## Instructions for the task:
Although pictures appear in the entries below, leave them out and print exactly the lines from the first line through the line containing "color=94, linetype='Continuous', true_color=0x008100)".

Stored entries
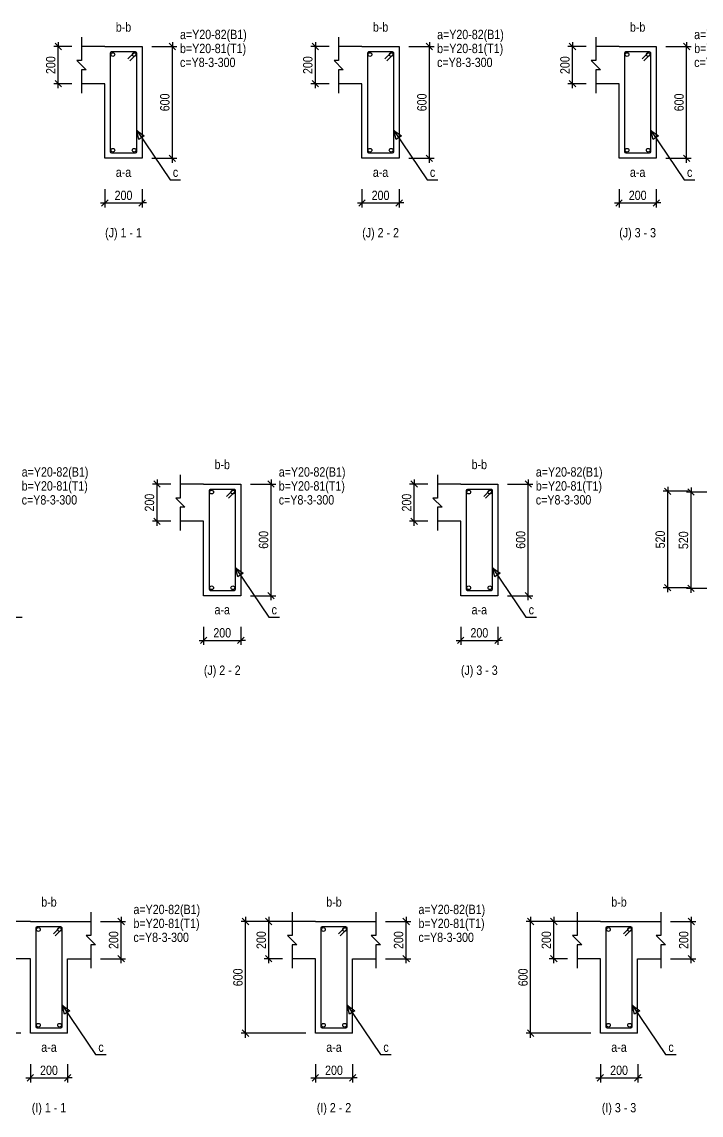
# Model space of a CAD drawing. Extents: x 0 to 206258, y -403073 to 0.
# Drawn here: x 32443 to 39736, y -332654 to -320909 of the extents above; entities that cross this region are included whole.
import ezdxf
from ezdxf.enums import TextEntityAlignment as Align

# ---------------------------------------------------------------- set-up
doc = ezdxf.new("R2010")
doc.units = 0
doc.header["$LTSCALE"] = 1000
doc.layers.add('Beam Line(D)', color=112, linetype='Continuous', true_color=0x00bd5e)
doc.layers.add('Link Label', color=94, linetype='Continuous', true_color=0x008100)
for name, color, linetype in [('Break Line', 5, 'Continuous'), ('Dimension Line', 5, 'Continuous'), ('Leader Line', 5, 'Continuous'), ('Link Line', 3, 'Continuous'), ('Rebar Label', 6, 'Continuous'), ('Rebar Line', 7, 'Continuous'), ('Section Label', 1, 'Continuous'), ('Top Rebar Label', 6, 'Continuous')]:
    doc.layers.add(name, color=color, linetype=linetype)
doc.styles.add('Dimension Text', font='ARIALN.TTF', dxfattribs={"height": 100})
doc.styles.add('Link Label', font='ARIALN.TTF', dxfattribs={"height": 100})
doc.styles.add('Rebar Label', font='ARIALN.TTF', dxfattribs={"height": 100})
doc.styles.add('Section Label', font='ARIALN.TTF', dxfattribs={"height": 100})
doc.styles.add('Top Rebar Label', font='ARIALN.TTF', dxfattribs={"height": 100})
doc.dimstyles.new('BEAM', dxfattribs={"dimtxt": 100, "dimasz": 30, "dimexe": 48.3, "dimexo": 103.5, "dimgap": 30, "dimtad": 1, "dimtoh": 1, "dimdec": 1, "dimlfac": 0.5, "dimdsep": 46, "dimtxsty": 'Dimension Text', "dimblk": 'PCDIM_TICK', "dimcen": 0.09, "dimclrd": 5, "dimclre": 5, "dimclrt": 5, "dimadec": 1, "dimazin": 0, "dimtp": 1, "dimtm": 1, "dimtfac": 1, "dimtdec": 4, "dimtofl": 0, "dimtmove": 0, "dimatfit": 3, "dimfxl": 1, "dimtolj": 1, "dimtzin": 0, "dimarcsym": 0})

# ---------------------------------------------------------------- blocks, each defined once
blk = doc.blocks.new('PCDIM_TICK')
at = {"layer": 'Dimension Line', "color": 0, "transparency": 33554687}
for p, q in [((1.15, 1.15), (-1.15, -1.15)), ((1.61, 0), (0, 0))]:
    blk.add_line(p, q, dxfattribs=at)
blk = doc.blocks.new('*U3919')
at = {"layer": 'Dimension Line', "color": 5, "true_color": 0x0000ff, "transparency": 16777216}
for p, q in [((33838, -321174), (34107, -321174)), ((34059, -322374), (34059, -321174)), ((33838, -322374), (34107, -322374))]:
    blk.add_line(p, q, dxfattribs=at)
at = {"layer": 'Dimension Line', "color": 5, "true_color": 0x0000ff, "transparency": 16777216, "xscale": 30, "yscale": 30}
for p, rotation in [((34059, -321174), 89.99999999999447), ((34059, -322374), 269.9999999999834)]:
    blk.add_blockref('PCDIM_TICK', p, dxfattribs=dict(at, rotation=rotation))
at = {"layer": 'Dimension Line', "color": 5, "true_color": 0x0000ff, "transparency": 16777216, "insert": (34029, -321774), "char_height": 100, "width": 181.97, "attachment_point": 8, "rotation": 90, "style": 'Dimension Text'}
blk.add_mtext('600', dxfattribs=at)
blk = doc.blocks.new('*U3920')
at = {"layer": 'Dimension Line', "color": 5, "true_color": 0x0000ff, "transparency": 16777216}
for p, q in [((32981, -321174), (32786, -321174)), ((32834, -321574), (32834, -321174)), ((32981, -321574), (32786, -321574))]:
    blk.add_line(p, q, dxfattribs=at)
at = {"layer": 'Dimension Line', "color": 5, "true_color": 0x0000ff, "transparency": 16777216, "xscale": 30, "yscale": 30}
for p, rotation in [((32834, -321174), 89.99999999999447), ((32834, -321574), 269.9999999999834)]:
    blk.add_blockref('PCDIM_TICK', p, dxfattribs=dict(at, rotation=rotation))
at = {"layer": 'Dimension Line', "color": 5, "true_color": 0x0000ff, "transparency": 16777216, "insert": (32804, -321374), "char_height": 100, "width": 182.77, "attachment_point": 8, "rotation": 90, "style": 'Dimension Text'}
blk.add_mtext('200', dxfattribs=at)
blk = doc.blocks.new('*U3921')
at = {"layer": 'Dimension Line', "color": 5, "true_color": 0x0000ff, "transparency": 16777216}
for p, q in [((33334, -322708), (33334, -322903)), ((33734, -322708), (33734, -322903)), ((33334, -322854), (33734, -322854))]:
    blk.add_line(p, q, dxfattribs=at)
at = {"layer": 'Dimension Line', "color": 5, "true_color": 0x0000ff, "transparency": 16777216, "xscale": 30, "yscale": 30, "rotation": 180.0000000000004}
blk.add_blockref('PCDIM_TICK', (33334, -322854), dxfattribs=at)
at = {"layer": 'Dimension Line', "color": 5, "true_color": 0x0000ff, "transparency": 16777216, "xscale": 30, "yscale": 30}
blk.add_blockref('PCDIM_TICK', (33734, -322854), dxfattribs=at)
at = {"layer": 'Dimension Line', "color": 5, "true_color": 0x0000ff, "transparency": 16777216, "insert": (33534, -322824), "char_height": 100, "width": 182.77, "attachment_point": 8, "style": 'Dimension Text'}
blk.add_mtext('200', dxfattribs=at)
blk = doc.blocks.new('*U3922')
at = {"layer": 'Dimension Line', "color": 5, "true_color": 0x0000ff, "transparency": 16777216}
for p, q in [((36598, -321174), (36868, -321174)), ((36819, -322374), (36819, -321174)), ((36598, -322374), (36868, -322374))]:
    blk.add_line(p, q, dxfattribs=at)
at = {"layer": 'Dimension Line', "color": 5, "true_color": 0x0000ff, "transparency": 16777216, "xscale": 30, "yscale": 30}
for p, rotation in [((36819, -321174), 89.99999999999447), ((36819, -322374), 269.9999999999834)]:
    blk.add_blockref('PCDIM_TICK', p, dxfattribs=dict(at, rotation=rotation))
at = {"layer": 'Dimension Line', "color": 5, "true_color": 0x0000ff, "transparency": 16777216, "insert": (36789, -321774), "char_height": 100, "width": 181.97, "attachment_point": 8, "rotation": 90, "style": 'Dimension Text'}
blk.add_mtext('600', dxfattribs=at)
blk = doc.blocks.new('*U3923')
at = {"layer": 'Dimension Line', "color": 5, "true_color": 0x0000ff, "transparency": 16777216}
for p, q in [((35741, -321174), (35546, -321174)), ((35594, -321574), (35594, -321174)), ((35741, -321574), (35546, -321574))]:
    blk.add_line(p, q, dxfattribs=at)
at = {"layer": 'Dimension Line', "color": 5, "true_color": 0x0000ff, "transparency": 16777216, "xscale": 30, "yscale": 30}
for p, rotation in [((35594, -321174), 89.99999999999447), ((35594, -321574), 269.9999999999834)]:
    blk.add_blockref('PCDIM_TICK', p, dxfattribs=dict(at, rotation=rotation))
at = {"layer": 'Dimension Line', "color": 5, "true_color": 0x0000ff, "transparency": 16777216, "insert": (35564, -321374), "char_height": 100, "width": 182.77, "attachment_point": 8, "rotation": 90, "style": 'Dimension Text'}
blk.add_mtext('200', dxfattribs=at)
blk = doc.blocks.new('*U3924')
at = {"layer": 'Dimension Line', "color": 5, "true_color": 0x0000ff, "transparency": 16777216}
for p, q in [((36094, -322708), (36094, -322903)), ((36494, -322708), (36494, -322903)), ((36094, -322854), (36494, -322854))]:
    blk.add_line(p, q, dxfattribs=at)
at = {"layer": 'Dimension Line', "color": 5, "true_color": 0x0000ff, "transparency": 16777216, "xscale": 30, "yscale": 30, "rotation": 180.0000000000004}
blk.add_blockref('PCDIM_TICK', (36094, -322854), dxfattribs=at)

## Expected output:
# Model space of a CAD drawing. Extents: x 0 to 206258, y -403073 to 0.
# Drawn here: x 32443 to 39736, y -332654 to -320909 of the extents above; entities that cross this region are included whole.
import ezdxf
from ezdxf.enums import TextEntityAlignment as Align

# ---------------------------------------------------------------- set-up
doc = ezdxf.new("R2010")
doc.units = 0
doc.header["$LTSCALE"] = 1000
doc.layers.add('Beam Line(D)', color=112, linetype='Continuous', true_color=0x00bd5e)
doc.layers.add('Link Label', color=94, linetype='Continuous', true_color=0x008100)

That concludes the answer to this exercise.